HOW TO COMPLETE THIS TASK
Transcribe word for word the lines below from the line with "#148=FACE_BOUND('',#147,.T.);" through the line with "#159=FACE_BOUND('',#158,.T.);", ends included.

Stored data:

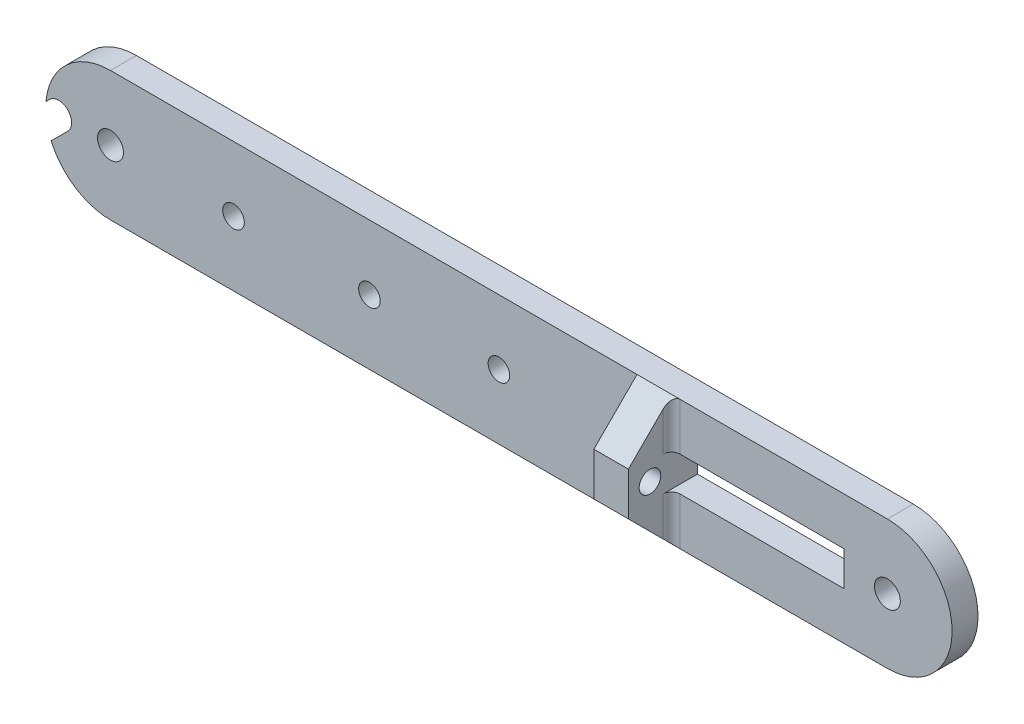
ISO-10303-21;
HEADER;
FILE_DESCRIPTION(('STEP AP214'),'2;1');
FILE_NAME('part.step','',(''),(''),'','','');
FILE_SCHEMA(('AUTOMOTIVE_DESIGN { 1 0 10303 214 1 1 1 1 }'));
ENDSEC;
DATA;
#1=APPLICATION_CONTEXT('core data for automotive mechanical design processes');
#2=APPLICATION_PROTOCOL_DEFINITION('international standard','automotive_design',2000,#1);
#3=PRODUCT_CONTEXT('',#1,'mechanical');
#4=PRODUCT('Part','Part','',(#3));
#5=PRODUCT_RELATED_PRODUCT_CATEGORY('part','',(#4));
#6=PRODUCT_DEFINITION_FORMATION('','',#4);
#7=PRODUCT_DEFINITION_CONTEXT('part definition',#1,'design');
#8=PRODUCT_DEFINITION('design','',#6,#7);
#9=PRODUCT_DEFINITION_SHAPE('','',#8);
#10=(LENGTH_UNIT() NAMED_UNIT(*) SI_UNIT(.MILLI.,.METRE.));
#11=(NAMED_UNIT(*) PLANE_ANGLE_UNIT() SI_UNIT($,.RADIAN.));
#12=(NAMED_UNIT(*) SI_UNIT($,.STERADIAN.) SOLID_ANGLE_UNIT());
#13=UNCERTAINTY_MEASURE_WITH_UNIT(LENGTH_MEASURE(1.E-05),#10,'distance_accuracy_value','');
#14=(GEOMETRIC_REPRESENTATION_CONTEXT(3) GLOBAL_UNCERTAINTY_ASSIGNED_CONTEXT((#13)) GLOBAL_UNIT_ASSIGNED_CONTEXT((#10,
#11,#12)) REPRESENTATION_CONTEXT('',''));
#15=CARTESIAN_POINT('',(0.,0.,0.));
#16=DIRECTION('',(0.,0.,1.));
#17=DIRECTION('',(1.,0.,0.));
#18=AXIS2_PLACEMENT_3D('',#15,#16,#17);
#19=CARTESIAN_POINT('',(90.,0.,6.));
#20=DIRECTION('',(0.,0.,1.));
#21=DIRECTION('',(1.,0.,0.));
#22=AXIS2_PLACEMENT_3D('',#19,#20,#21);
#23=PLANE('',#22);
#24=CARTESIAN_POINT('',(-30.,0.,6.));
#25=DIRECTION('',(0.,0.,1.));
#26=DIRECTION('',(1.,0.,0.));
#27=AXIS2_PLACEMENT_3D('',#24,#25,#26);
#28=CIRCLE('',#27,2.5);
#29=CARTESIAN_POINT('',(-27.5,0.,6.));
#30=VERTEX_POINT('',#29);
#31=EDGE_CURVE('E381',#30,#30,#28,.T.);
#32=ORIENTED_EDGE('',*,*,#31,.F.);
#33=EDGE_LOOP('',(#32));
#34=FACE_BOUND('',#33,.T.);
#35=CARTESIAN_POINT('',(-90.,0.,6.));
#36=DIRECTION('',(0.,0.,1.));
#37=DIRECTION('',(-1.,0.,0.));
#38=AXIS2_PLACEMENT_3D('',#35,#36,#37);
#39=CIRCLE('',#38,3.00000000000001);
#40=CARTESIAN_POINT('',(-93.,0.,6.));
#41=VERTEX_POINT('',#40);
#42=EDGE_CURVE('E393',#41,#41,#39,.T.);
#43=ORIENTED_EDGE('',*,*,#42,.F.);
#44=EDGE_LOOP('',(#43));
#45=FACE_BOUND('',#44,.T.);
#46=CARTESIAN_POINT('',(0.,0.,6.));
#47=DIRECTION('',(0.,0.,1.));
#48=DIRECTION('',(1.,0.,0.));
#49=AXIS2_PLACEMENT_3D('',#46,#47,#48);
#50=CIRCLE('',#49,2.5);
#51=CARTESIAN_POINT('',(2.5,0.,6.));
#52=VERTEX_POINT('',#51);
#53=EDGE_CURVE('E424',#52,#52,#50,.T.);
#54=ORIENTED_EDGE('',*,*,#53,.F.);
#55=EDGE_LOOP('',(#54));
#56=FACE_BOUND('',#55,.T.);
#57=CARTESIAN_POINT('',(-61.5,0.,6.));
#58=DIRECTION('',(0.,0.,1.));
#59=DIRECTION('',(1.,0.,0.));
#60=AXIS2_PLACEMENT_3D('',#57,#58,#59);
#61=CIRCLE('',#60,2.50000000000001);
#62=CARTESIAN_POINT('',(-59.,0.,6.));
#63=VERTEX_POINT('',#62);
#64=EDGE_CURVE('E387',#63,#63,#61,.T.);
#65=ORIENTED_EDGE('',*,*,#64,.F.);
#66=EDGE_LOOP('',(#65));
#67=FACE_BOUND('',#66,.T.);
#68=CARTESIAN_POINT('',(-102.,0.,6.));
#69=DIRECTION('',(0.,0.,1.));
#70=DIRECTION('',(1.,0.,0.));
#71=AXIS2_PLACEMENT_3D('',#68,#69,#70);
#72=CIRCLE('',#71,3.00000000000001);
#73=CARTESIAN_POINT('',(-99.8786796564403,-2.12132034355963,6.));
#74=VERTEX_POINT('',#73);
#75=CARTESIAN_POINT('',(-104.12132034356,2.12132034355962,6.));
#76=VERTEX_POINT('',#75);
#77=EDGE_CURVE('E199',#74,#76,#72,.T.);
#78=ORIENTED_EDGE('',*,*,#77,.F.);
#79=DIRECTION('',(-0.707106781186543,-0.707106781186552,0.));
#80=VECTOR('',#79,1.);
#81=CARTESIAN_POINT('',(-48.878679656441,48.8786796564403,6.));
#82=LINE('',#81,#80);
#83=CARTESIAN_POINT('',(-103.750652312537,-5.99329299965612,6.));
#84=VERTEX_POINT('',#83);
#85=EDGE_CURVE('E205',#74,#84,#82,.T.);
#86=ORIENTED_EDGE('',*,*,#85,.T.);
#87=CARTESIAN_POINT('',(-90.,0.,6.));
#88=DIRECTION('',(0.,0.,1.));
#89=DIRECTION('',(-1.,0.,0.));
#90=AXIS2_PLACEMENT_3D('',#87,#88,#89);
#91=CIRCLE('',#90,15.);
#92=CARTESIAN_POINT('',(-90.,-15.,6.));
#93=VERTEX_POINT('',#92);
#94=EDGE_CURVE('E349',#84,#93,#91,.T.);
#95=ORIENTED_EDGE('',*,*,#94,.T.);
#96=DIRECTION('',(1.,0.,0.));
#97=VECTOR('',#96,1.);
#98=CARTESIAN_POINT('',(90.,-15.,6.));
#99=LINE('',#98,#97);
#100=CARTESIAN_POINT('',(32.,-15.,6.));
#101=VERTEX_POINT('',#100);
#102=EDGE_CURVE('E351',#93,#101,#99,.T.);
#103=ORIENTED_EDGE('',*,*,#102,.T.);
#104=DIRECTION('',(0.,1.,0.));
#105=VECTOR('',#104,1.);
#106=CARTESIAN_POINT('',(32.,-15.,6.));
#107=LINE('',#106,#105);
#108=CARTESIAN_POINT('',(32.,15.,6.));
#109=VERTEX_POINT('',#108);
#110=EDGE_CURVE('E277',#101,#109,#107,.T.);
#111=ORIENTED_EDGE('',*,*,#110,.T.);
#112=DIRECTION('',(-1.,0.,0.));
#113=VECTOR('',#112,1.);
#114=CARTESIAN_POINT('',(90.,15.,6.));
#115=LINE('',#114,#113);
#116=CARTESIAN_POINT('',(-90.,15.,6.));
#117=VERTEX_POINT('',#116);
#118=EDGE_CURVE('E347',#109,#117,#115,.T.);
#119=ORIENTED_EDGE('',*,*,#118,.T.);
#120=CARTESIAN_POINT('',(-104.943648089812,1.29899259730734,6.));
#121=VERTEX_POINT('',#120);
#122=EDGE_CURVE('E343',#117,#121,#91,.T.);
#123=ORIENTED_EDGE('',*,*,#122,.T.);
#124=DIRECTION('',(-0.707106781186544,-0.707106781186552,0.));
#125=VECTOR('',#124,1.);
#126=CARTESIAN_POINT('',(-53.1213203435602,53.1213203435596,6.));
#127=LINE('',#126,#125);
#128=EDGE_CURVE('E48',#76,#121,#127,.T.);
#129=ORIENTED_EDGE('',*,*,#128,.F.);
#130=EDGE_LOOP('',(#78,#86,#95,#103,#111,#119,#123,#129));
#131=FACE_BOUND('',#130,.T.);
#132=ADVANCED_FACE('F33',(#34,#45,#56,#67,#131),#23,.T.);
#133=CARTESIAN_POINT('',(90.,0.,0.));
#134=DIRECTION('',(0.,0.,1.));
#135=DIRECTION('',(1.,0.,0.));
#136=AXIS2_PLACEMENT_3D('',#133,#134,#135);
#137=PLANE('',#136);
#138=CARTESIAN_POINT('',(-30.,0.,0.));
#139=DIRECTION('',(0.,0.,1.));
#140=DIRECTION('',(1.,0.,0.));
#141=AXIS2_PLACEMENT_3D('',#138,#139,#140);
#142=CIRCLE('',#141,2.5);
#143=CARTESIAN_POINT('',(-27.5,0.,0.));
#144=VERTEX_POINT('',#143);
#145=EDGE_CURVE('E287',#144,#144,#142,.T.);
#146=ORIENTED_EDGE('',*,*,#145,.T.);
#147=EDGE_LOOP('',(#146));
#148=FACE_BOUND('',#147,.T.);
#149=CARTESIAN_POINT('',(-61.5,0.,0.));
#150=DIRECTION('',(0.,0.,1.));
#151=DIRECTION('',(1.,0.,0.));
#152=AXIS2_PLACEMENT_3D('',#149,#150,#151);
#153=CIRCLE('',#152,2.50000000000001);
#154=CARTESIAN_POINT('',(-59.,0.,0.));
#155=VERTEX_POINT('',#154);
#156=EDGE_CURVE('E384',#155,#155,#153,.T.);
#157=ORIENTED_EDGE('',*,*,#156,.T.);
#158=EDGE_LOOP('',(#157));
#159=FACE_BOUND('',#158,.T.);
#160=CARTESIAN_POINT('',(-90.,0.,0.));
#161=DIRECTION('',(0.,0.,1.));
#162=DIRECTION('',(-1.,0.,0.));
#163=AXIS2_PLACEMENT_3D('',#160,#161,#162);
#164=CIRCLE('',#163,3.00000000000001);
#165=CARTESIAN_POINT('',(-93.,0.,0.));
#166=VERTEX_POINT('',#165);
#167=EDGE_CURVE('E390',#166,#166,#164,.T.);
#168=ORIENTED_EDGE('',*,*,#167,.T.);
#169=EDGE_LOOP('',(#168));
#170=FACE_BOUND('',#169,.T.);
#171=DIRECTION('',(0.,1.,0.));
#172=VECTOR('',#171,1.);
#173=CARTESIAN_POINT('',(80.,-4.,0.));
#174=LINE('',#173,#172);
#175=CARTESIAN_POINT('',(80.,-4.,0.));
#176=VERTEX_POINT('',#175);
#177=CARTESIAN_POINT('',(80.,4.,0.));
#178=VERTEX_POINT('',#177);
#179=EDGE_CURVE('E396',#176,#178,#174,.T.);
#180=ORIENTED_EDGE('',*,*,#179,.T.);
#181=DIRECTION('',(-1.,0.,0.));
#182=VECTOR('',#181,1.);
#183=CARTESIAN_POINT('',(40.,4.,0.));
#184=LINE('',#183,#182);
#185=CARTESIAN_POINT('',(40.,4.,0.));
#186=VERTEX_POINT('',#185);
#187=EDGE_CURVE('E404',#178,#186,#184,.T.);
#188=ORIENTED_EDGE('',*,*,#187,.T.);
#189=DIRECTION('',(0.,-1.,0.));
#190=VECTOR('',#189,1.);
#191=CARTESIAN_POINT('',(40.,-4.,0.));
#192=LINE('',#191,#190);
#193=CARTESIAN_POINT('',(40.,-4.,0.));
#194=VERTEX_POINT('',#193);
#195=EDGE_CURVE('E407',#186,#194,#192,.T.);
#196=ORIENTED_EDGE('',*,*,#195,.T.);
#197=DIRECTION('',(1.,0.,0.));
#198=VECTOR('',#197,1.);
#199=CARTESIAN_POINT('',(40.,-4.,0.));
#200=LINE('',#199,#198);
#201=EDGE_CURVE('E401',#194,#176,#200,.T.);
#202=ORIENTED_EDGE('',*,*,#201,.T.);
#203=EDGE_LOOP('',(#180,#188,#196,#202));
#204=FACE_BOUND('',#203,.T.);
#205=CARTESIAN_POINT('',(0.,0.,0.));
#206=DIRECTION('',(0.,0.,1.));
#207=DIRECTION('',(1.,0.,0.));
#208=AXIS2_PLACEMENT_3D('',#205,#206,#207);
#209=CIRCLE('',#208,2.5);
#210=CARTESIAN_POINT('',(2.5,0.,0.));
#211=VERTEX_POINT('',#210);
#212=EDGE_CURVE('E421',#211,#211,#209,.T.);
#213=ORIENTED_EDGE('',*,*,#212,.T.);
#214=EDGE_LOOP('',(#213));
#215=FACE_BOUND('',#214,.T.);
#216=CARTESIAN_POINT('',(90.,0.,0.));
#217=DIRECTION('',(0.,0.,1.));
#218=DIRECTION('',(1.,0.,0.));
#219=AXIS2_PLACEMENT_3D('',#216,#217,#218);
#220=CIRCLE('',#219,3.00000000000001);
#221=CARTESIAN_POINT('',(93.,0.,0.));
#222=VERTEX_POINT('',#221);
#223=EDGE_CURVE('E417',#222,#222,#220,.T.);
#224=ORIENTED_EDGE('',*,*,#223,.T.);
#225=EDGE_LOOP('',(#224));
#226=FACE_BOUND('',#225,.T.);
#227=DIRECTION('',(-0.707106781186543,-0.707106781186552,0.));
#228=VECTOR('',#227,1.);
#229=CARTESIAN_POINT('',(-3.87867965644158,93.8786796564403,0.));
#230=LINE('',#229,#228);
#231=CARTESIAN_POINT('',(-99.8786796564403,-2.12132034355963,0.));
#232=VERTEX_POINT('',#231);
#233=CARTESIAN_POINT('',(-103.750652312537,-5.99329299965612,0.));
#234=VERTEX_POINT('',#233);
#235=EDGE_CURVE('E219',#232,#234,#230,.T.);
#236=ORIENTED_EDGE('',*,*,#235,.F.);
#237=CARTESIAN_POINT('',(-102.,0.,0.));
#238=DIRECTION('',(0.,0.,1.));
#239=DIRECTION('',(1.,0.,0.));
#240=AXIS2_PLACEMENT_3D('',#237,#238,#239);
#241=CIRCLE('',#240,3.00000000000001);
#242=CARTESIAN_POINT('',(-104.12132034356,2.12132034355962,0.));
#243=VERTEX_POINT('',#242);
#244=EDGE_CURVE('E11',#232,#243,#241,.T.);
#245=ORIENTED_EDGE('',*,*,#244,.T.);
#246=DIRECTION('',(-0.707106781186544,-0.707106781186552,0.));
#247=VECTOR('',#246,1.);
#248=CARTESIAN_POINT('',(-8.12132034356074,98.1213203435596,0.));
#249=LINE('',#248,#247);
#250=CARTESIAN_POINT('',(-104.943648089812,1.29899259730734,0.));
#251=VERTEX_POINT('',#250);
#252=EDGE_CURVE('E215',#243,#251,#249,.T.);
#253=ORIENTED_EDGE('',*,*,#252,.T.);
#254=CARTESIAN_POINT('',(-90.,0.,0.));
#255=DIRECTION('',(0.,0.,1.));
#256=DIRECTION('',(-1.,0.,0.));
#257=AXIS2_PLACEMENT_3D('',#254,#255,#256);
#258=CIRCLE('',#257,15.);
#259=CARTESIAN_POINT('',(-90.,15.,0.));
#260=VERTEX_POINT('',#259);
#261=EDGE_CURVE('E345',#260,#251,#258,.T.);
#262=ORIENTED_EDGE('',*,*,#261,.F.);
#263=DIRECTION('',(-1.,0.,0.));
#264=VECTOR('',#263,1.);
#265=CARTESIAN_POINT('',(90.,15.,0.));
#266=LINE('',#265,#264);
#267=CARTESIAN_POINT('',(90.,15.,0.));
#268=VERTEX_POINT('',#267);
#269=EDGE_CURVE('E495',#268,#260,#266,.T.);
#270=ORIENTED_EDGE('',*,*,#269,.F.);
#271=CARTESIAN_POINT('',(90.,0.,0.));
#272=DIRECTION('',(0.,0.,1.));
#273=DIRECTION('',(1.,0.,0.));
#274=AXIS2_PLACEMENT_3D('',#271,#272,#273);
#275=CIRCLE('',#274,15.);
#276=CARTESIAN_POINT('',(90.,-15.,0.));
#277=VERTEX_POINT('',#276);
#278=EDGE_CURVE('E358',#277,#268,#275,.T.);
#279=ORIENTED_EDGE('',*,*,#278,.F.);
#280=DIRECTION('',(1.,0.,0.));
#281=VECTOR('',#280,1.);
#282=CARTESIAN_POINT('',(90.,-15.,0.));
#283=LINE('',#282,#281);
#284=CARTESIAN_POINT('',(-90.,-15.,0.));
#285=VERTEX_POINT('',#284);
#286=EDGE_CURVE('E430',#285,#277,#283,.T.);
#287=ORIENTED_EDGE('',*,*,#286,.F.);
#288=EDGE_CURVE('E440',#234,#285,#258,.T.);
#289=ORIENTED_EDGE('',*,*,#288,.F.);
#290=EDGE_LOOP('',(#236,#245,#253,#262,#270,#279,#287,#289));
#291=FACE_BOUND('',#290,.T.);
#292=ADVANCED_FACE('F476',(#148,#159,#170,#204,#215,#226,#291),#137,.F.);
#293=CARTESIAN_POINT('',(-90.,0.,6.));
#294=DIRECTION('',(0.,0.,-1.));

SOLUTION TO THIS PROBLEM
#148=FACE_BOUND('',#147,.T.);
#149=CARTESIAN_POINT('',(-61.5,0.,0.));
#150=DIRECTION('',(0.,0.,1.));
#151=DIRECTION('',(1.,0.,0.));
#152=AXIS2_PLACEMENT_3D('',#149,#150,#151);
#153=CIRCLE('',#152,2.50000000000001);
#154=CARTESIAN_POINT('',(-59.,0.,0.));
#155=VERTEX_POINT('',#154);
#156=EDGE_CURVE('E384',#155,#155,#153,.T.);
#157=ORIENTED_EDGE('',*,*,#156,.T.);
#158=EDGE_LOOP('',(#157));
#159=FACE_BOUND('',#158,.T.);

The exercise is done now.